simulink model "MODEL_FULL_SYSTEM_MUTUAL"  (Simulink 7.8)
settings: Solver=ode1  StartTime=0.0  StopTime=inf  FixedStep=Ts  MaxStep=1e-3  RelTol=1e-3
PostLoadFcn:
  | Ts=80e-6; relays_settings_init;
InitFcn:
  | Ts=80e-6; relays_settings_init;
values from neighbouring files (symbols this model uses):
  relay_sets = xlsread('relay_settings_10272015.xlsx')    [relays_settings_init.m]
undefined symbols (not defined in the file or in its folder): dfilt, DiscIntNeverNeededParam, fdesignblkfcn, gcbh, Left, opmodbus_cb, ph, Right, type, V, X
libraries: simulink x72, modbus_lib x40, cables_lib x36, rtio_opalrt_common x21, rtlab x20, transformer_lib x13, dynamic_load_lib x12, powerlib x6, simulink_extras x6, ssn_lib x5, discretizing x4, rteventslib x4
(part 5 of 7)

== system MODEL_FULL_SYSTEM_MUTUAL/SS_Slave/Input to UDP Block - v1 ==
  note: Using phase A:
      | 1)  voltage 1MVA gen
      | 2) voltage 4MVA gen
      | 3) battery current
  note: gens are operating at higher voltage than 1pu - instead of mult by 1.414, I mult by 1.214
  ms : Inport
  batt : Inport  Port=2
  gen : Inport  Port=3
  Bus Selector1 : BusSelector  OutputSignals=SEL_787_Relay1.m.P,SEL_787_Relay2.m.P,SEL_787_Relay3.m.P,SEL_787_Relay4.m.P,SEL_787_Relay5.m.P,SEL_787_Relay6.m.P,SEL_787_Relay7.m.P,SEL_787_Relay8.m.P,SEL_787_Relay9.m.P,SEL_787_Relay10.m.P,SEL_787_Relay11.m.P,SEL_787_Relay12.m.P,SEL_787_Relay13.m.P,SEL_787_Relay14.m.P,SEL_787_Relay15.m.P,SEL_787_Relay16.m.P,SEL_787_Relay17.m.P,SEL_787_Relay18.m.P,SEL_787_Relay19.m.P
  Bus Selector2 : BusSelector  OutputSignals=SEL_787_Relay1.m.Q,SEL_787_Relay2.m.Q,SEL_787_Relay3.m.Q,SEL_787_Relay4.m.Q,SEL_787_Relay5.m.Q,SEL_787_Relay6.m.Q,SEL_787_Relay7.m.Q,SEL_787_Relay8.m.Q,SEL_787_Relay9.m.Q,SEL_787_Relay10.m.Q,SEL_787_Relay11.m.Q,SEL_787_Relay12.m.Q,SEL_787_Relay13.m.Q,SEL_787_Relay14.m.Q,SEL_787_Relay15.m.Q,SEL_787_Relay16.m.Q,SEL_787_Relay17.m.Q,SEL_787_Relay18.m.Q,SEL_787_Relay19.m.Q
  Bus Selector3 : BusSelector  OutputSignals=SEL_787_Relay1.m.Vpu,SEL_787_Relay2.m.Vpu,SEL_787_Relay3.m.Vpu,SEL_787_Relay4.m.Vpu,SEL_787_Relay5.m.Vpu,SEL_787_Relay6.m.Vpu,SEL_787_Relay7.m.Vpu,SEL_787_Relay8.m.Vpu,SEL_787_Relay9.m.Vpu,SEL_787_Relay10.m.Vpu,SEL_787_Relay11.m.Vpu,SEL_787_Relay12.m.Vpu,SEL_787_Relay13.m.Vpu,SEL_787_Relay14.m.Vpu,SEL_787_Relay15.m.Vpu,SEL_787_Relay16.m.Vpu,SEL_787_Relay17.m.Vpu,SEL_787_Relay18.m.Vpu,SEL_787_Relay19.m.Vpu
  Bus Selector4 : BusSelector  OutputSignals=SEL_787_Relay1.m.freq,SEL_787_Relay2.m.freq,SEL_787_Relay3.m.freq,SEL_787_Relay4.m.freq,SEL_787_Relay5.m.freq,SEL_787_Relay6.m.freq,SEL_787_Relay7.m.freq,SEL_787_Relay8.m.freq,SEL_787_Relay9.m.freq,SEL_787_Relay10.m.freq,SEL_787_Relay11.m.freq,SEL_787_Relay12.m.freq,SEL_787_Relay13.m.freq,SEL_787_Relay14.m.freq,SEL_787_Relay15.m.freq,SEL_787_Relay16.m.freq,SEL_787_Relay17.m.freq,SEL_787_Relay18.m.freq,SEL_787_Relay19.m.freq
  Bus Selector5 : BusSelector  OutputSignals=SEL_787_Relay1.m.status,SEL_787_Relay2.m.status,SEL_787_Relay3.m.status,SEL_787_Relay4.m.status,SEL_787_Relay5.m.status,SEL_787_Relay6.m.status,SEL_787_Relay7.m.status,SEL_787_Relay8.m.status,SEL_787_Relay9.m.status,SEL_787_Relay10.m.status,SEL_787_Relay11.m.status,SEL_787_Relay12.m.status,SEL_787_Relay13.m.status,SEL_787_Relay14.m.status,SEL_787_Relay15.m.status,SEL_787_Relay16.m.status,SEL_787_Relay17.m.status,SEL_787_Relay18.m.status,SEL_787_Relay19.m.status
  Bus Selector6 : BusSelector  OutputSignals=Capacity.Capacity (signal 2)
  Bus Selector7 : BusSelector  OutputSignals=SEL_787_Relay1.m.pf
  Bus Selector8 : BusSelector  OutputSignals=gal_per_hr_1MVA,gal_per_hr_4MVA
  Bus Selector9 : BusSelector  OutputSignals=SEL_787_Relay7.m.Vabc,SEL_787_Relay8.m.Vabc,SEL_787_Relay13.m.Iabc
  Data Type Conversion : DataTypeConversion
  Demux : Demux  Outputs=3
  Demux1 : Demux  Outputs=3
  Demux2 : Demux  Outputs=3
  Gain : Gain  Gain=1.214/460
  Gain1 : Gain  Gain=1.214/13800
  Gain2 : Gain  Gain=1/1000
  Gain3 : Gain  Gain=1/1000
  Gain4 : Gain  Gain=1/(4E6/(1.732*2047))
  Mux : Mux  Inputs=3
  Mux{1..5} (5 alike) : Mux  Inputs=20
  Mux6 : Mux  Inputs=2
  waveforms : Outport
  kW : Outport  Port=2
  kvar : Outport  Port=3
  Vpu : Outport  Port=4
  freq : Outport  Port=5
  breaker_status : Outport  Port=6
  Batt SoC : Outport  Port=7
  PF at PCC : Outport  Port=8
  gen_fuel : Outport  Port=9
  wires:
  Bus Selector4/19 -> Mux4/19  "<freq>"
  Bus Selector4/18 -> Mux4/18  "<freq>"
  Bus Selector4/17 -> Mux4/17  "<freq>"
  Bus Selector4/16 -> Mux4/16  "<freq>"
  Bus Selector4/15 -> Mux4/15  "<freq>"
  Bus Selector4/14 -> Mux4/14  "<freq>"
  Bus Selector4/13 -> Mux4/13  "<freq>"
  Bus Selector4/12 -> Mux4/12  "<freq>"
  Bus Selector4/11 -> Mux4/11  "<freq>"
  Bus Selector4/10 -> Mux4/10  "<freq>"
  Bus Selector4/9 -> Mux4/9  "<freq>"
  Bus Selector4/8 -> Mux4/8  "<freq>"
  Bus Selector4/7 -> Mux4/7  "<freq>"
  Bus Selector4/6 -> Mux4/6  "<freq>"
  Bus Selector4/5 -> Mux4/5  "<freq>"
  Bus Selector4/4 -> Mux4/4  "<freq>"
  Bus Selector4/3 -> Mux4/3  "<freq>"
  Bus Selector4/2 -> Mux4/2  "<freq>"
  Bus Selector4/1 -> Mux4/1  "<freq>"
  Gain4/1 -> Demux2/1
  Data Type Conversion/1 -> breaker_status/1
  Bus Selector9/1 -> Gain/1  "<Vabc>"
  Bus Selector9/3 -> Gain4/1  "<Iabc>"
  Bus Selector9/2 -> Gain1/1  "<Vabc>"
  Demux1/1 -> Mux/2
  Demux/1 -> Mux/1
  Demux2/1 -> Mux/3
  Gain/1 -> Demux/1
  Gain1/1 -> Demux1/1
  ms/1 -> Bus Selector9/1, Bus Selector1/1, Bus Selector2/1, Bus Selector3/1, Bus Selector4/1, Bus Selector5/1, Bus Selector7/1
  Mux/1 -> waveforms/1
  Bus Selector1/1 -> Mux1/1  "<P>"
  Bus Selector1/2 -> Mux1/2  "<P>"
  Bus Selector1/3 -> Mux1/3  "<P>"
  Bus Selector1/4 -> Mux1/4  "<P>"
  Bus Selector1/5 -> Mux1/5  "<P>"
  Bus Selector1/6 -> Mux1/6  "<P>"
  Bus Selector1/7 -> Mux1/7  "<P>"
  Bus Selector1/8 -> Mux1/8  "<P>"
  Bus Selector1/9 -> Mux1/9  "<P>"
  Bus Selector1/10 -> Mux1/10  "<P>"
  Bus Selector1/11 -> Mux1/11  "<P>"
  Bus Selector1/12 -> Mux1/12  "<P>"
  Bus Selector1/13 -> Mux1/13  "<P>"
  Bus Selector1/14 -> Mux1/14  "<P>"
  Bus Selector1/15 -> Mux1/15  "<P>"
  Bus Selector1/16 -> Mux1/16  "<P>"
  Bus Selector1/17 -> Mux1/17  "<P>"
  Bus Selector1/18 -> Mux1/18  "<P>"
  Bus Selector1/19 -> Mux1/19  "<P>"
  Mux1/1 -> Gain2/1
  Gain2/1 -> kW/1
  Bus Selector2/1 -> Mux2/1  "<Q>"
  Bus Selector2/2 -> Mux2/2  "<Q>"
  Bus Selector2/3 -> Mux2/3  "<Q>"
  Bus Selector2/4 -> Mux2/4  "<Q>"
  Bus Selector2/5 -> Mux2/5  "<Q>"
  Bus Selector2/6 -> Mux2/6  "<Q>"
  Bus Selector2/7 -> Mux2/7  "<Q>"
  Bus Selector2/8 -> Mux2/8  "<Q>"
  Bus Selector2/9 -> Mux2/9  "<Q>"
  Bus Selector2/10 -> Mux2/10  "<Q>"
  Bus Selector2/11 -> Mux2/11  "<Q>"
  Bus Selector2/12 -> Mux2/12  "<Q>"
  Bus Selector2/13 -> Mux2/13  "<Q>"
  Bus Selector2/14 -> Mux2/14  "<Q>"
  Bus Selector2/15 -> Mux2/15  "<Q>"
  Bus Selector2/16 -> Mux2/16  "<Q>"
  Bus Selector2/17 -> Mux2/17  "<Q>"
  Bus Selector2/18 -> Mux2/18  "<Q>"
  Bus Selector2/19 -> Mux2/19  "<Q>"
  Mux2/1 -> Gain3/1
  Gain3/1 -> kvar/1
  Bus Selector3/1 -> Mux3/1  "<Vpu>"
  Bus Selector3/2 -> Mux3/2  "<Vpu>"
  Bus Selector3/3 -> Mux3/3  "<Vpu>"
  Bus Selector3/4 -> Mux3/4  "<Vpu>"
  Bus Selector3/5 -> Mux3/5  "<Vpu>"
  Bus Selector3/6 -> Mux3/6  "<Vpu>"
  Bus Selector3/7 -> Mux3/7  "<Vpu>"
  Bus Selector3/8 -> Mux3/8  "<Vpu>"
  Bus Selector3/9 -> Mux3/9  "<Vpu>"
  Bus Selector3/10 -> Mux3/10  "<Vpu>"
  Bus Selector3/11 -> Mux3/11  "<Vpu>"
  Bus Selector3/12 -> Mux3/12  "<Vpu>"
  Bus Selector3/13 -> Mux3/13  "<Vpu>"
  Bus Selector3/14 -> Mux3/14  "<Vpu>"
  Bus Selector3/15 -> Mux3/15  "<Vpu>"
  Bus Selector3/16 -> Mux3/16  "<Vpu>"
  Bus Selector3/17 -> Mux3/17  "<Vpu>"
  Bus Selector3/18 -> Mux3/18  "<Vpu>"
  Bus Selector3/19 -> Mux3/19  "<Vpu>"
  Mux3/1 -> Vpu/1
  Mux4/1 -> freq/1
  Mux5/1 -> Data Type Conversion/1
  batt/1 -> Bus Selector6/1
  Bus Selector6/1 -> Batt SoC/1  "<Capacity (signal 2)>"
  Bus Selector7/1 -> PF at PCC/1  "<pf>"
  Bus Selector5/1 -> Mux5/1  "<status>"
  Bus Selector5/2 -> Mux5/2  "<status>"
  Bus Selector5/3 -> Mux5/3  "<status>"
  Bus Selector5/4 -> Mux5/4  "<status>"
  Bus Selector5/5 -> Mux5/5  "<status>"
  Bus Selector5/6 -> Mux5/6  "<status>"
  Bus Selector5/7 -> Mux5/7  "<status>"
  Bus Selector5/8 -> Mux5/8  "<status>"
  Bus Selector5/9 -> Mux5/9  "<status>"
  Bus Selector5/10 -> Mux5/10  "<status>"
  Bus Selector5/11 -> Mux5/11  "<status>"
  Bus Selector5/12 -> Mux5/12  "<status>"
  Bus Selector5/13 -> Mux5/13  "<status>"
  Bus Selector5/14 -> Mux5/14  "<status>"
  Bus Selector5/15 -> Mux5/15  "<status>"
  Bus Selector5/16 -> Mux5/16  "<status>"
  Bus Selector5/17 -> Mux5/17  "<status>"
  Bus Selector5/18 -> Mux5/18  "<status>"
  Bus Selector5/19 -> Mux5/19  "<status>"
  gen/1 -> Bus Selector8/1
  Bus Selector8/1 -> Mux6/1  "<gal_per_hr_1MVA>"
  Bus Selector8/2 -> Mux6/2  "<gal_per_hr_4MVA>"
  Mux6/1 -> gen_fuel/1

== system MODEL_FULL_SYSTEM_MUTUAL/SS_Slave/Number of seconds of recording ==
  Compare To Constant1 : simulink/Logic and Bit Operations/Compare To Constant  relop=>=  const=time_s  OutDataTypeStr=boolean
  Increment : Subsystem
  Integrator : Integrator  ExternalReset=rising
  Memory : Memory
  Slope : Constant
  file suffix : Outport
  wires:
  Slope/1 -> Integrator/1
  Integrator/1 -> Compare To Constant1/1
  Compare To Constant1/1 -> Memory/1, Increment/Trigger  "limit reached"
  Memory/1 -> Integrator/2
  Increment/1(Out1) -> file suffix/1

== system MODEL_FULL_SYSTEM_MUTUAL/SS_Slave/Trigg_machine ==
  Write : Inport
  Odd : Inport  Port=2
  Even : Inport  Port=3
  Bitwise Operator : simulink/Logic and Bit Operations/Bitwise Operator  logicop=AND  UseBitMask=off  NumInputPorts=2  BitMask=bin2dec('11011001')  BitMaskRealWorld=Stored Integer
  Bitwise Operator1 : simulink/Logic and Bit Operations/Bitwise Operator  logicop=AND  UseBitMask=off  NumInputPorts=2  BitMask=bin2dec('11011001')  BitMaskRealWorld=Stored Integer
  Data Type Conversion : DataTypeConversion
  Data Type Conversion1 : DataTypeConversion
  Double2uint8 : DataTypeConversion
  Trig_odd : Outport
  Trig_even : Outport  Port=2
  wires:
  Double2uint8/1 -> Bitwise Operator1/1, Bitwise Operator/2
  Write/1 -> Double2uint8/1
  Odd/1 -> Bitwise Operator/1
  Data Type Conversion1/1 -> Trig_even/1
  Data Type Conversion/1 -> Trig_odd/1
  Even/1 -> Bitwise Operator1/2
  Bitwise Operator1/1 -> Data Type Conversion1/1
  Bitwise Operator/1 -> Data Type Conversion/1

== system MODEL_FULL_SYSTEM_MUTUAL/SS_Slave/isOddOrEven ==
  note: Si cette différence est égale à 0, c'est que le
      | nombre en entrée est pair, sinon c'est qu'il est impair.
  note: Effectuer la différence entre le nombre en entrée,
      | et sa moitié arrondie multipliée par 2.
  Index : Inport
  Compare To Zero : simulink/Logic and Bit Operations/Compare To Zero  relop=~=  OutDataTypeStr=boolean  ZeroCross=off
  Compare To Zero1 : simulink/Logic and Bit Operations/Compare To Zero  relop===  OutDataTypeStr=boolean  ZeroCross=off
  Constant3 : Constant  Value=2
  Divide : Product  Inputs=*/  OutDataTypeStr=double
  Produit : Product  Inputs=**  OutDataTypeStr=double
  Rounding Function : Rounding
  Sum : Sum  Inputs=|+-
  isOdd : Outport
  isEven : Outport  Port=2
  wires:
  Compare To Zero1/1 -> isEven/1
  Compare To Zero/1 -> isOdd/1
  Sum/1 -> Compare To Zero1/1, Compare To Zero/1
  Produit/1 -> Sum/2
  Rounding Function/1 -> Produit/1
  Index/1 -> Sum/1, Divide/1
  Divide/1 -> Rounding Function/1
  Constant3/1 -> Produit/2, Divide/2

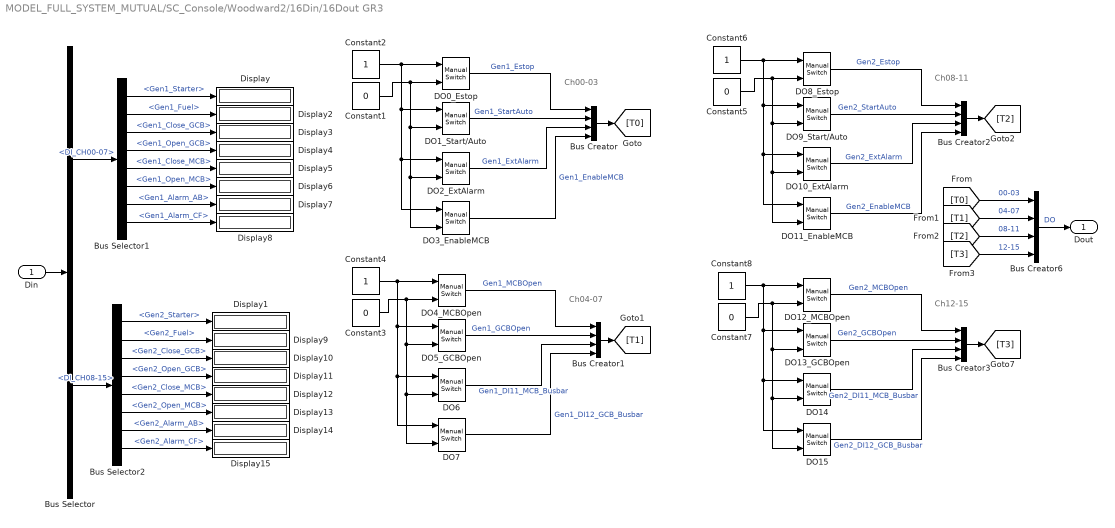
== system MODEL_FULL_SYSTEM_MUTUAL/SC_Console/Woodward2/16Din/16Dout GR3 ==
  note: Ch00-03
  note: Ch04-07
  note: Ch08-11
  note: Ch12-15
  Din : Inport
  Bus Creator{,1..3,6} (5 alike) : BusCreator
  Bus Selector : BusSelector  OutputSignals=DIN.DI_CH00-07,DIN.DI_CH08-15
  Bus Selector1 : BusSelector  OutputSignals=Gen1_Starter,Gen1_Fuel,Gen1_Close_GCB,Gen1_Open_GCB,Gen1_Close_MCB,Gen1_Open_MCB,Gen1_Alarm_AB,Gen1_Alarm_CF
  Bus Selector2 : BusSelector  OutputSignals=Gen2_Starter,Gen2_Fuel,Gen2_Close_GCB,Gen2_Open_GCB,Gen2_Close_MCB,Gen2_Open_MCB,Gen2_Alarm_AB,Gen2_Alarm_CF
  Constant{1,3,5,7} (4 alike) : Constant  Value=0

::::

What you are asked to do
Set down again, word for word, the stretch of records from the line with "Bus Selector2/10 ->" to the line with "Bus Selector7/1 ->", both of those lines included.

Answer box
  Bus Selector2/10 -> Mux2/10  "<Q>"
  Bus Selector2/11 -> Mux2/11  "<Q>"
  Bus Selector2/12 -> Mux2/12  "<Q>"
  Bus Selector2/13 -> Mux2/13  "<Q>"
  Bus Selector2/14 -> Mux2/14  "<Q>"
  Bus Selector2/15 -> Mux2/15  "<Q>"
  Bus Selector2/16 -> Mux2/16  "<Q>"
  Bus Selector2/17 -> Mux2/17  "<Q>"
  Bus Selector2/18 -> Mux2/18  "<Q>"
  Bus Selector2/19 -> Mux2/19  "<Q>"
  Mux2/1 -> Gain3/1
  Gain3/1 -> kvar/1
  Bus Selector3/1 -> Mux3/1  "<Vpu>"
  Bus Selector3/2 -> Mux3/2  "<Vpu>"
  Bus Selector3/3 -> Mux3/3  "<Vpu>"
  Bus Selector3/4 -> Mux3/4  "<Vpu>"
  Bus Selector3/5 -> Mux3/5  "<Vpu>"
  Bus Selector3/6 -> Mux3/6  "<Vpu>"
  Bus Selector3/7 -> Mux3/7  "<Vpu>"
  Bus Selector3/8 -> Mux3/8  "<Vpu>"
  Bus Selector3/9 -> Mux3/9  "<Vpu>"
  Bus Selector3/10 -> Mux3/10  "<Vpu>"
  Bus Selector3/11 -> Mux3/11  "<Vpu>"
  Bus Selector3/12 -> Mux3/12  "<Vpu>"
  Bus Selector3/13 -> Mux3/13  "<Vpu>"
  Bus Selector3/14 -> Mux3/14  "<Vpu>"
  Bus Selector3/15 -> Mux3/15  "<Vpu>"
  Bus Selector3/16 -> Mux3/16  "<Vpu>"
  Bus Selector3/17 -> Mux3/17  "<Vpu>"
  Bus Selector3/18 -> Mux3/18  "<Vpu>"
  Bus Selector3/19 -> Mux3/19  "<Vpu>"
  Mux3/1 -> Vpu/1
  Mux4/1 -> freq/1
  Mux5/1 -> Data Type Conversion/1
  batt/1 -> Bus Selector6/1
  Bus Selector6/1 -> Batt SoC/1  "<Capacity (signal 2)>"
  Bus Selector7/1 -> PF at PCC/1  "<pf>"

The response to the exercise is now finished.